RuntimeError: element 0 of tensors does not require grad and does not have a grad_fn

Did you detach the tensor manually from the computation graph or what is your exact use case?

The thing is the value generated by RNN is “interpreted”. No computations are made on it in blackbox so the error generated is detached. Is there any way I could backpropagate to minimize that detached error (by somehow manually attaching it).

The only valid way I could think of at the moment, is to write the backward function manually for your blackbox methods.

The blackbox is a simulation, I do not think it is possible to write a backward for it. I attempted to call back() on the output of RNN directly giving the error as all the gradients, it failed the system.

The computation graph is built during the forward pass and is used in the backward pass to calculate the gradients.
If you are detaching some tensors from the graph, you would need to write the backward manually, as explained.

If that’s not possible, you won’t be able to compute the gradients using the standard backward call.
Maybe some other training approaches might work (e.g. evolutionary algorithms)?

2 Likes

Hi,
I have a same problem.
How did you solve the problem.
I don’t know how to get the gradient of black box.

Best.

I am facing a similar problem. I apply RNN (LSTM/ or GRU or TFT) to generate driving signals, however, there is no label data(target signal) to calculate loss function directly. However, there is one-to-one relationship (pre-known with certain unknown noises) between the driving signals and the response signal. The response signal has target data to generate loss function.
I am wondering to applied decoder (another LSTM to model the relation-ship between driving signal and the response), however, this might increase the complexity (since the relationship between driving signal and the response is 90% known in advance).
Now I am learning the autograd of Pytorch, hoping that the parameters of RNN could be auto-corrected by the indirect loss function. I try to make the response signal to be (requires_grad=True), however, it does not update the model at all, since the loss keeps all the same during training.

Any suggestion?
Best regards.

Hi!
Perhaps you could use a so-called straight through estimator to bypass the black-box?
See e.g.

Best regards

1 Like

Thank you so much for the fast reply. I will research on it and update the results.
Best

Hi, I try to apply the STE and self-defined function for indirect loss-function calculation.
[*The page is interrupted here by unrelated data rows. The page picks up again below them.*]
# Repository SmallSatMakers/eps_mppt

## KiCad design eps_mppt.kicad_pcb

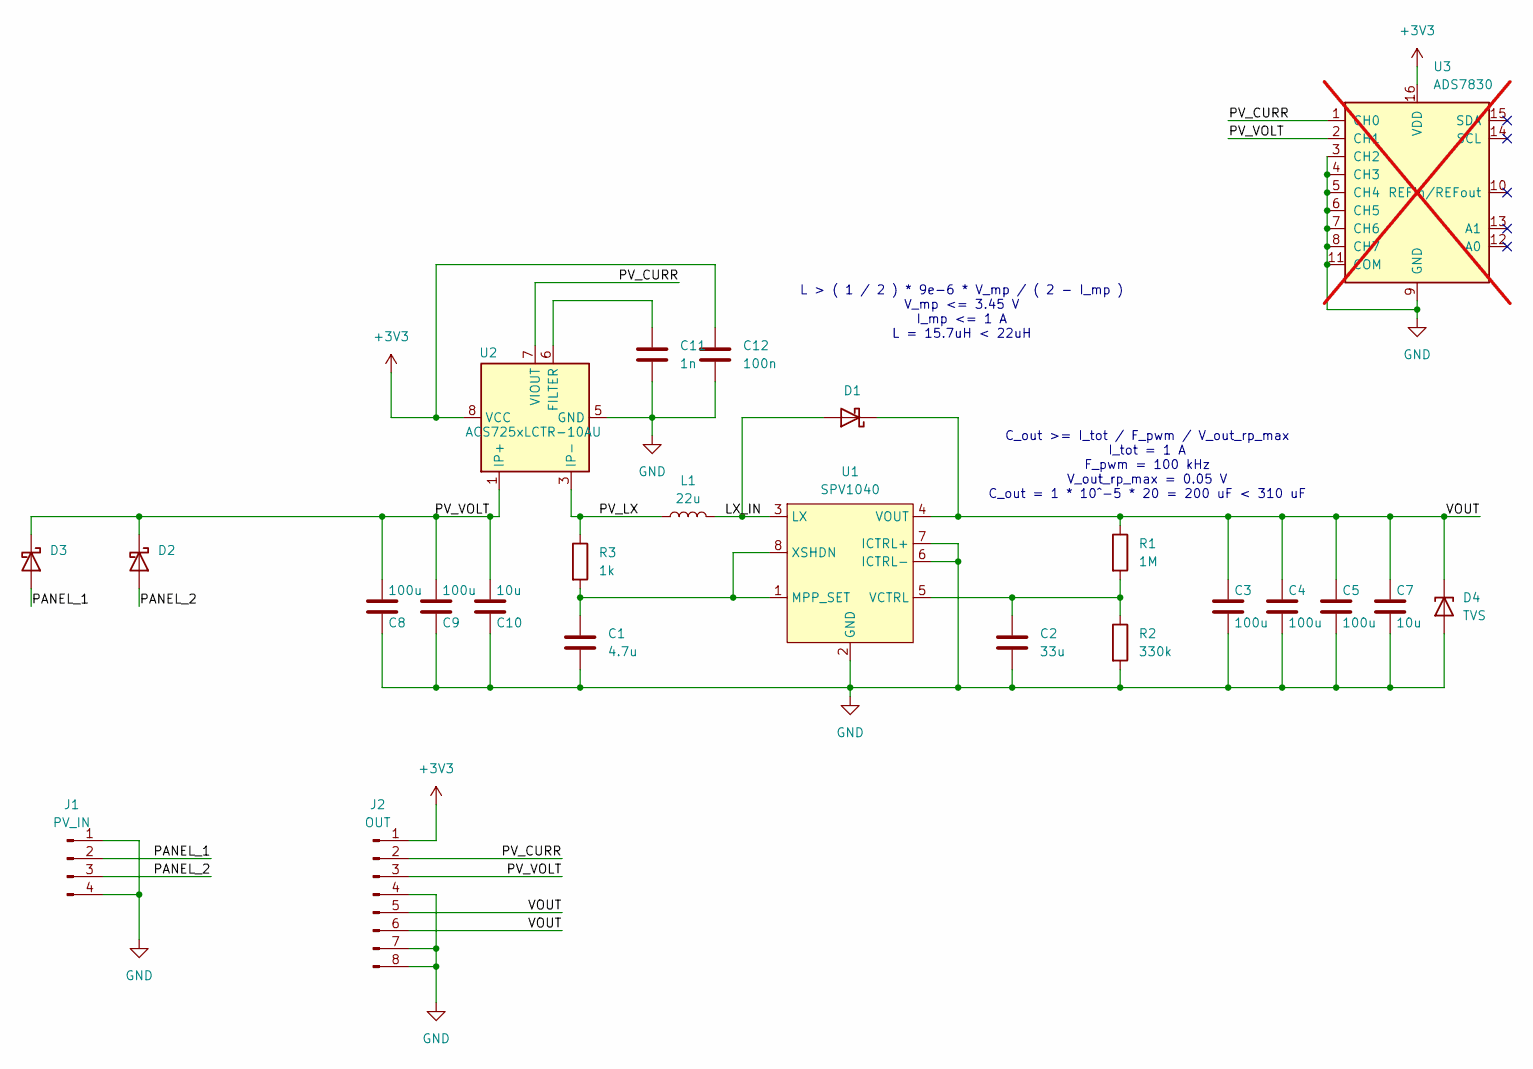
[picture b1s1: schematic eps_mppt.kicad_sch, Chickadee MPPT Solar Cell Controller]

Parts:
C1: 4.7u; C_0402_1005Metric
C2: 33u; C_0805_2012Metric
C3, C4, C5, C8, C9: 100u; C_1210_3225Metric
C7, C10: 10u; C_1206_3216Metric
C11: 1n; C_0402_1005Metric
C12: 100n; C_0402_1005Metric
D1, D2, D3: PD3S220L-7; PD3S220L7
D4: TVS; DO222-AA_STM
J1: PV_IN; PinHeader_1x04_P2.54mm_Vertical
J2: OUT; PinHeader_1x08_P2.54mm_Vertical
L1: 22u; L_Bourns_SRP5030T; Mfg. Part No. SRP5030WA-220M
R1: 1M; R_0603_1608Metric
R2: 330k; R_0402_1005Metric
R3: 1k; C_0402_1005Metric
U1: SPV1040; TSSOP-8_4.4x3mm_P0.65mm
U2: ACS725xLCTR-10AU; SOIC-8_3.9x4.9mm_P1.27mm
U3: ADS7830; TSSOP-16_4.4x5mm_P0.65mm; not fitted

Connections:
+3V3: C12.1, J2.1, U2.8 (VCC), U3.16 (VDD)
/LX_IN: D1.2 (A), L1.2, U1.3 (LX)
/PANEL_1: D3.2 (A), J1.2
/PANEL_2: D2.2 (A), J1.3
/PV_CURR: J2.2, U2.7 (VIOUT), U3.1 (CH0)
/PV_LX: L1.1, R3.1, U2.3 (IP-), U2.4 (IP-)
/PV_VOLT: C8.2, C9.2, C10.2, D2.1 (K), D3.1 (K), J2.3, U2.1 (IP+), U2.2 (IP+), U3.2 (CH1)
/VOUT: C3.1, C4.1, C5.1, C7.1, D1.1 (K), D4.1 (K), J2.5, J2.6, R1.1, U1.4 (VOUT)
GND: C1.2, C2.2, C3.2, C4.2, C5.2, C7.2, C8.1, C9.1, C10.1, C11.2, C12.2, D4.2 (A), J1.1, J1.4, J2.4, J2.7, J2.8, R2.2, U1.2 (GND), U1.6 (ICTRL-), U1.7 (ICTRL+), U2.5 (GND), U3.3 (CH2), U3.4 (CH3), U3.5 (CH4), U3.6 (CH5), U3.7 (CH6), U3.8 (CH7), U3.9 (GND), U3.11 (COM)
unnamed: C1.1, R3.2, U1.1 (MPP_SET), U1.8 (XSHDN)
unnamed: C2.1, R1.2, R2.1, U1.5 (VCTRL)
unnamed: C11.1, U2.6 (FILTER)

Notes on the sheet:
L > ( 1 / 2 ) * 9e-6 * V_mp / ( 2 - I_mp ) V_mp <= 3.45 V I_mp <= 1 A L = 15.7uH < 22uH
C_out >= I_tot / F_pwm / V_out_rp_max I_tot = 1 A F_pwm = 100 kHz V_out_rp_max = 0.05 V C_out = 1 * 10^-5 * 20 = 200 uF < 310 uF

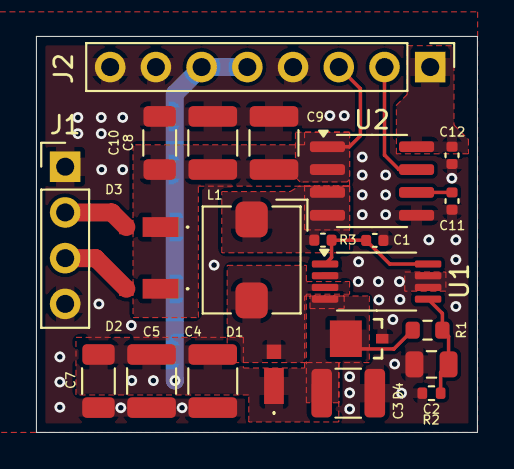
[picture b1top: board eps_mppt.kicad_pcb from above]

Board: 2 copper layers, 24.5 x 22.0 mm, 23 parts (0 on the bottom side), 12 nets.

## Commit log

2024-05-10 MPPT Controller Rev. 0
2024-05-14 Tweaked layout
2024-05-17 Optimized layout, truncated board
2024-05-17 Copper fill optimization
2024-05-17 Added BOM
2024-05-17 Updated BOM qty
2024-05-17 Further optimized layout to have better inductor path
2024-05-29 Updated BOM

There are several questions listed below.
Here are the snippet of my code.

normalized time series data with lookback

df = pd.DataFrame()
for i in range(look_back):

df = pd.concat([df, pd.DataFrame(train_X_norm.tolist()[i:-(look_back - i)])], ignore_index=True, axis=1)

print("df: ")
print(df)

df_numpy = np.array(df)
df_tensor = torch.Tensor(df_numpy)

Here is the trainset class definition

class mytrainset(Dataset):

def __init__(self, df_tensor, train_y):
    self.data, self.label = df_tensor[:, :].float(), train_y[:]
def __getitem__(self, index):
    return self.data[index], self.label[index]
def __len__(self):
    return len(self.data)

Define the trainset and loader, specify the device

trainset = mytrainset(df_tensor, train_y_norm[look_back:]) # train_y
trainloader = DataLoader(trainset, batch_size=10, shuffle=False)
device = torch.device(‘cuda’ if torch.cuda.is_available() else ‘cpu’)
print(device)

The STEFunction class definition with definition of the driving signal to response signal, which will be used to calculate loss function.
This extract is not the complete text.